Friday, May 04, 2012

"you look like a fit pregnant woman"

that phrase, my friends, was music to my ears. Matt said it to me after I tried on a new maternity shirt from the Gap. (this one, in orange) I wore it to work and one of my coworkers/friends said hello to me as she walked by my workstation. And then actually backtracked to say "WOW, that color looks great on you!"

:)

I've a feeling that I am going to miss some of my maternity clothes this time next year.

I am sure that I will also welcome the return of my abdominal muscles. And I'll enjoy wearing normal jeans and not having to push with my arms in order to stand up without groaning. And sleeping on my stomach. Oh and BEER. For the love of all that is holy, beer.

Which, by the way--I went to the birthday party of a very cute little girl on Saturday. She turned one and I've been photographing her this year, and I think her momma is the bees knees. While there another pregnant gal (and another one of my photography clients) and I were chatting and I said how sad I was that there seemed to be no such thing as a non-alcoholic wheat beer. That 0'd0uls Amber actually wasn't half bad, but that I'm a seasonal beer drinker (I like dark stouts in the winter and wheats in the summer and the spicy pumpkin ones in the fall--though please, please let me skip the IPAs) and I miss the wheat.

one of the guests at the party who was probably old enough to by my parent or uncle said "you miss BEER?!?!" quite incredulously. I responded with "yes, I do. We're kind of beer nerds--we visit breweries, like tasting beers and even brew our own." He just stared. And then in response I said "I've had a couple of different non-alcoholic beers and most of them aren't good at all, but there's one that is. But really I just wish there was a wheat one!" He said, "wait, you can HAVE non-alcoholic beer??? Isn't there still alcohol in there?" [also, WHAT?!? who is this dude?]

I said "um, yeah. It's like 0.5 %. You get more alcohol than that rinsing out your mouth with Listerine."

He said half jokingly/half serious "you shouldn't drink Listerine."

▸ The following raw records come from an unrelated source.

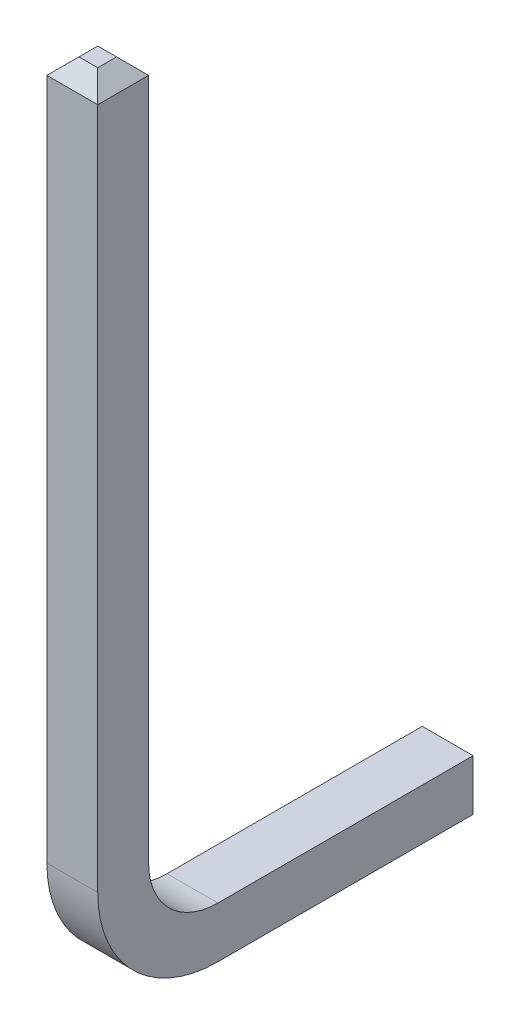
ISO-10303-21;
HEADER;
FILE_DESCRIPTION(('STEP AP214'),'2;1');
FILE_NAME('part.step','',(''),(''),'','','');
FILE_SCHEMA(('AUTOMOTIVE_DESIGN { 1 0 10303 214 1 1 1 1 }'));
ENDSEC;
DATA;
#1=APPLICATION_CONTEXT('core data for automotive mechanical design processes');
#2=APPLICATION_PROTOCOL_DEFINITION('international standard','automotive_design',2000,#1);
#3=PRODUCT_CONTEXT('',#1,'mechanical');
#4=PRODUCT('Part','Part','',(#3));
#5=PRODUCT_RELATED_PRODUCT_CATEGORY('part','',(#4));
#6=PRODUCT_DEFINITION_FORMATION('','',#4);
#7=PRODUCT_DEFINITION_CONTEXT('part definition',#1,'design');
#8=PRODUCT_DEFINITION('design','',#6,#7);
#9=PRODUCT_DEFINITION_SHAPE('','',#8);
#10=(LENGTH_UNIT() NAMED_UNIT(*) SI_UNIT(.MILLI.,.METRE.));
#11=(NAMED_UNIT(*) PLANE_ANGLE_UNIT() SI_UNIT($,.RADIAN.));
#12=(NAMED_UNIT(*) SI_UNIT($,.STERADIAN.) SOLID_ANGLE_UNIT());
#13=UNCERTAINTY_MEASURE_WITH_UNIT(LENGTH_MEASURE(1.E-05),#10,'distance_accuracy_value','');
#14=(GEOMETRIC_REPRESENTATION_CONTEXT(3) GLOBAL_UNCERTAINTY_ASSIGNED_CONTEXT((#13)) GLOBAL_UNIT_ASSIGNED_CONTEXT((#10,
#11,#12)) REPRESENTATION_CONTEXT('',''));
#15=CARTESIAN_POINT('',(0.,0.,0.));
#16=DIRECTION('',(0.,0.,1.));
#17=DIRECTION('',(1.,0.,0.));
#18=AXIS2_PLACEMENT_3D('',#15,#16,#17);
#19=CARTESIAN_POINT('',(-0.635,1.5,-1.5));
#20=DIRECTION('',(1.,0.,0.));
#21=DIRECTION('',(0.,0.,-1.));
#22=AXIS2_PLACEMENT_3D('',#19,#20,#21);
#23=CYLINDRICAL_SURFACE('',#22,1.5);
#24=CARTESIAN_POINT('',(0.,1.5,-1.5));
#25=DIRECTION('',(1.,0.,0.));
#26=DIRECTION('',(0.,0.,-1.));
#27=AXIS2_PLACEMENT_3D('',#24,#25,#26);
#28=CIRCLE('',#27,1.5);
#29=CARTESIAN_POINT('',(0.,1.50000000000001,0.));
#30=VERTEX_POINT('',#29);
#31=CARTESIAN_POINT('',(0.,0.,-1.50000000000001));
#32=VERTEX_POINT('',#31);
#33=EDGE_CURVE('E164',#30,#32,#28,.T.);
#34=ORIENTED_EDGE('',*,*,#33,.F.);
#35=DIRECTION('',(1.,0.,0.));
#36=VECTOR('',#35,1.);
#37=CARTESIAN_POINT('',(-0.635,1.50000000000001,0.));
#38=LINE('',#37,#36);
#39=CARTESIAN_POINT('',(-0.635,1.50000000000001,0.));
#40=VERTEX_POINT('',#39);
#41=EDGE_CURVE('E150',#40,#30,#38,.T.);
#42=ORIENTED_EDGE('',*,*,#41,.F.);
#43=CARTESIAN_POINT('',(-0.635,1.5,-1.5));
#44=DIRECTION('',(1.,0.,0.));
#45=DIRECTION('',(0.,0.,-1.));
#46=AXIS2_PLACEMENT_3D('',#43,#44,#45);
#47=CIRCLE('',#46,1.5);
#48=CARTESIAN_POINT('',(-0.635,0.,-1.50000000000001));
#49=VERTEX_POINT('',#48);
#50=EDGE_CURVE('E142',#40,#49,#47,.T.);
#51=ORIENTED_EDGE('',*,*,#50,.T.);
#52=DIRECTION('',(1.,0.,0.));
#53=VECTOR('',#52,1.);
#54=CARTESIAN_POINT('',(-0.635,0.,-1.50000000000001));
#55=LINE('',#54,#53);
#56=EDGE_CURVE('E124',#49,#32,#55,.T.);
#57=ORIENTED_EDGE('',*,*,#56,.T.);
#58=EDGE_LOOP('',(#34,#42,#51,#57));
#59=FACE_BOUND('',#58,.T.);
#60=ADVANCED_FACE('F34',(#59),#23,.T.);
#61=CARTESIAN_POINT('',(-0.635,10.2175,0.));
#62=DIRECTION('',(0.,0.,1.));
#63=DIRECTION('',(0.,-1.,0.));
#64=AXIS2_PLACEMENT_3D('',#61,#62,#63);
#65=PLANE('',#64);
#66=DIRECTION('',(0.,-1.,0.));
#67=VECTOR('',#66,1.);
#68=CARTESIAN_POINT('',(0.,10.2175,0.));
#69=LINE('',#68,#67);
#70=CARTESIAN_POINT('',(0.,10.0175,0.));
#71=VERTEX_POINT('',#70);
#72=EDGE_CURVE('E151',#71,#30,#69,.T.);
#73=ORIENTED_EDGE('',*,*,#72,.F.);
#74=DIRECTION('',(-1.,0.,0.));
#75=VECTOR('',#74,1.);
#76=CARTESIAN_POINT('',(-0.635,10.0175,0.));
#77=LINE('',#76,#75);
#78=CARTESIAN_POINT('',(-0.635,10.0175,0.));
#79=VERTEX_POINT('',#78);
#80=EDGE_CURVE('E189',#71,#79,#77,.T.);
#81=ORIENTED_EDGE('',*,*,#80,.T.);
#82=DIRECTION('',(0.,-1.,0.));
#83=VECTOR('',#82,1.);
#84=CARTESIAN_POINT('',(-0.635,10.2175,0.));
#85=LINE('',#84,#83);
#86=EDGE_CURVE('E136',#79,#40,#85,.T.);
#87=ORIENTED_EDGE('',*,*,#86,.T.);
#88=ORIENTED_EDGE('',*,*,#41,.T.);
#89=EDGE_LOOP('',(#73,#81,#87,#88));
#90=FACE_BOUND('',#89,.T.);
#91=ADVANCED_FACE('F238',(#90),#65,.T.);
#92=CARTESIAN_POINT('',(-0.635,10.2175,-0.635));
#93=DIRECTION('',(0.,1.,0.));
#94=DIRECTION('',(0.,0.,1.));
#95=AXIS2_PLACEMENT_3D('',#92,#93,#94);
#96=PLANE('',#95);
#97=DIRECTION('',(0.,0.,1.));
#98=VECTOR('',#97,1.);
#99=CARTESIAN_POINT('',(-0.435000000000003,10.2175,0.));
#100=LINE('',#99,#98);
#101=CARTESIAN_POINT('',(-0.435000000000003,10.2175,-0.435000000000003));
#102=VERTEX_POINT('',#101);
#103=CARTESIAN_POINT('',(-0.435000000000003,10.2175,-0.199999999999996));
#104=VERTEX_POINT('',#103);
#105=EDGE_CURVE('E184',#102,#104,#100,.T.);
#106=ORIENTED_EDGE('',*,*,#105,.T.);
#107=DIRECTION('',(1.,0.,0.));
#108=VECTOR('',#107,1.);
#109=CARTESIAN_POINT('',(-0.635,10.2175,-0.199999999999996));
#110=LINE('',#109,#108);
#111=CARTESIAN_POINT('',(-0.199999999999997,10.2175,-0.199999999999996));
#112=VERTEX_POINT('',#111);
#113=EDGE_CURVE('E186',#104,#112,#110,.T.);
#114=ORIENTED_EDGE('',*,*,#113,.T.);
#115=DIRECTION('',(0.,0.,-1.));
#116=VECTOR('',#115,1.);
#117=CARTESIAN_POINT('',(-0.199999999999997,10.2175,-0.635));
#118=LINE('',#117,#116);
#119=CARTESIAN_POINT('',(-0.199999999999997,10.2175,-0.435000000000003));
#120=VERTEX_POINT('',#119);
#121=EDGE_CURVE('E176',#112,#120,#118,.T.);
#122=ORIENTED_EDGE('',*,*,#121,.T.);
#123=DIRECTION('',(-1.,0.,0.));
#124=VECTOR('',#123,1.);
#125=CARTESIAN_POINT('',(-0.635,10.2175,-0.435000000000003));
#126=LINE('',#125,#124);
#127=EDGE_CURVE('E182',#120,#102,#126,.T.);
#128=ORIENTED_EDGE('',*,*,#127,.T.);
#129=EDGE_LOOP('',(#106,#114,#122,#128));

I said "oh, no, I mean, when you use Listerine the alcohol absorbs through your tongue. I don't mean drinking it." and smiled real big.

And then, thankfully, someone else came into the room and the convo changed. Such strangeness!

(and before anybody decides to lecture--I've had a maximum of two in one sitting, I am very well hydrated and seriously?!? there are bigger fish to fry!)